Comprehensive coverage of RAG, fine-tuning, and multi-agent systems through real projects. Some API-dependent content may age quickly.

Instructor Delivery
9.0/10

Clear, energetic teaching style with strong project guidance. Students highlight exceptional accessibility to complex topics.

Platform Experience
8.0/10

Standard Udemy video+resources format works reliably. Lacks built-in coding environment for immediate implementation.

Value For Money
9.0/10

Exceptional value at $12 sale price (regular $120) for 24h content. Requires ~$5 API budget for full experience.

Learning Outcome
8.0/10

Graduates report immediate workplace application. Requires supplementary learning for post-2025 model versions.

SOURCES & REFERENCES

  • https://www.udemy.com/course/llm-engineering-master-ai-and-large-language-models/
  • https://www.linkedin.com/posts/mansourehmotahari_im-thrilled-to-share-my-experience-with-activity-7288949702127931392-2McA
  • https://www.linkedin.com/posts/vrajshroff_i-recently-took-the-llm-engineering-master-activity-7282553640580485121-RHPn
  • https://www.linkedin.com/posts/angel-bagarotti-4a2b1ba7_just-finished-ed-donners-incredible-course-activity-7267881393458741249-XRvi
  • https://coursesity.com/course-detail/llm-engineering-master-ai-large-language-models-agents

About this AI Summary

This summary is generated by AI based on public internet data, including social networks and available articles.

Powered by AI

Learner ReviewsNo reviews yet

Be the First to Review

This course is new and hasn't received any reviews yet. Share your experience and help others make an informed decision.

Write the First Review

Frequently Asked Questions

How does TrustCourse verify reviews?

All reviews on TrustCourse go through a verification process. We verify that the reviewer actually purchased and used the course by checking enrollment records and completion data provided by the course provider. Reviews marked with our verification badge have been confirmed authentic.

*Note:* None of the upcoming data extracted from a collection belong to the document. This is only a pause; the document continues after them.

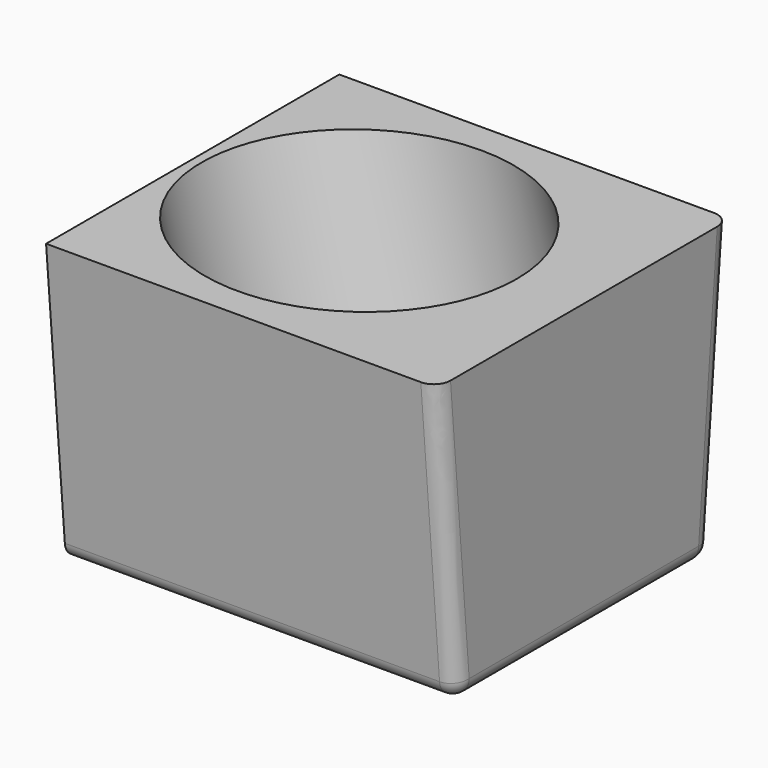
from build123d import *

# Parameters (mm, degrees)
F2_W     = 95
F2_H     = 89
F0_W     = 95
F0_H     = 77
F7_R     = 37
F8_DEPTH = 85.8
F9_R     = 4


# Not quite as in the source:
# - a feature names something its author has since deleted; it is built from what else it names


with BuildPart() as f3:
    # F2 (on offset) → F3 section 0
    with BuildSketch(Plane.XY.offset(70)):
        with Locations((-47.5, -38.5)):
            Rectangle(F2_W, F2_H)
    # F0 (on Top) → F3 section 1
    with BuildSketch(Plane.XY):
        with Locations((-47.5, -38.5)):
            Rectangle(F0_W, F0_H)
    loft()

    # F7 (on face) → F8 (cut)
    with BuildSketch(Plane(origin=(-27.2627936506, 0, 102.6103478024), x_dir=(0.966468953, 0, 0.2567834941), z_dir=(-0.2567834941, 0, 0.966468953))):
        with Locations((-34.7436182201, -38.5)):
            Circle(F7_R)
    extrude(amount=-F8_DEPTH, mode=Mode.SUBTRACT)

    # F9
    f9_edges = [f3.edges().sort_by_distance(p)[0] for p in [
        (-47.5, -77, 0),
        (0, -38.5, 0),
        (-47.5, 0, 0),
        (0, -80, 35),
        (0, 3, 35),
    ]]
    fillet(f9_edges, radius=F9_R)


solid = f3.part

Why should I trust these reviews?

TrustCourse maintains a strict anti-fraud policy. Our team reviews suspicious activity patterns and removes reviews that violate our guidelines. We never edit or remove negative reviews just because a course provider doesn't like them, ensuring you get an honest view of the course quality.

How is the TrustScore calculated?

Our TrustScore is a weighted average of all reviews. We place higher value on recent, verified reviews from users who completed the entire course. The score considers factors like course content quality, instructor delivery, value for money, platform usability, and support quality.

How can I write a helpful review?

The most helpful reviews include specific details about your experience, what you learned, and whether the course met your expectations. Mention any standout features or areas where the course could improve. Be honest and balanced in your assessment to help future students make informed decisions.

What if I want to change my review?

You can update your review at any time by logging into your TrustCourse account and navigating to your review history. This allows you to reflect changes in your opinion as you progress through the course or if the provider addresses issues you've raised.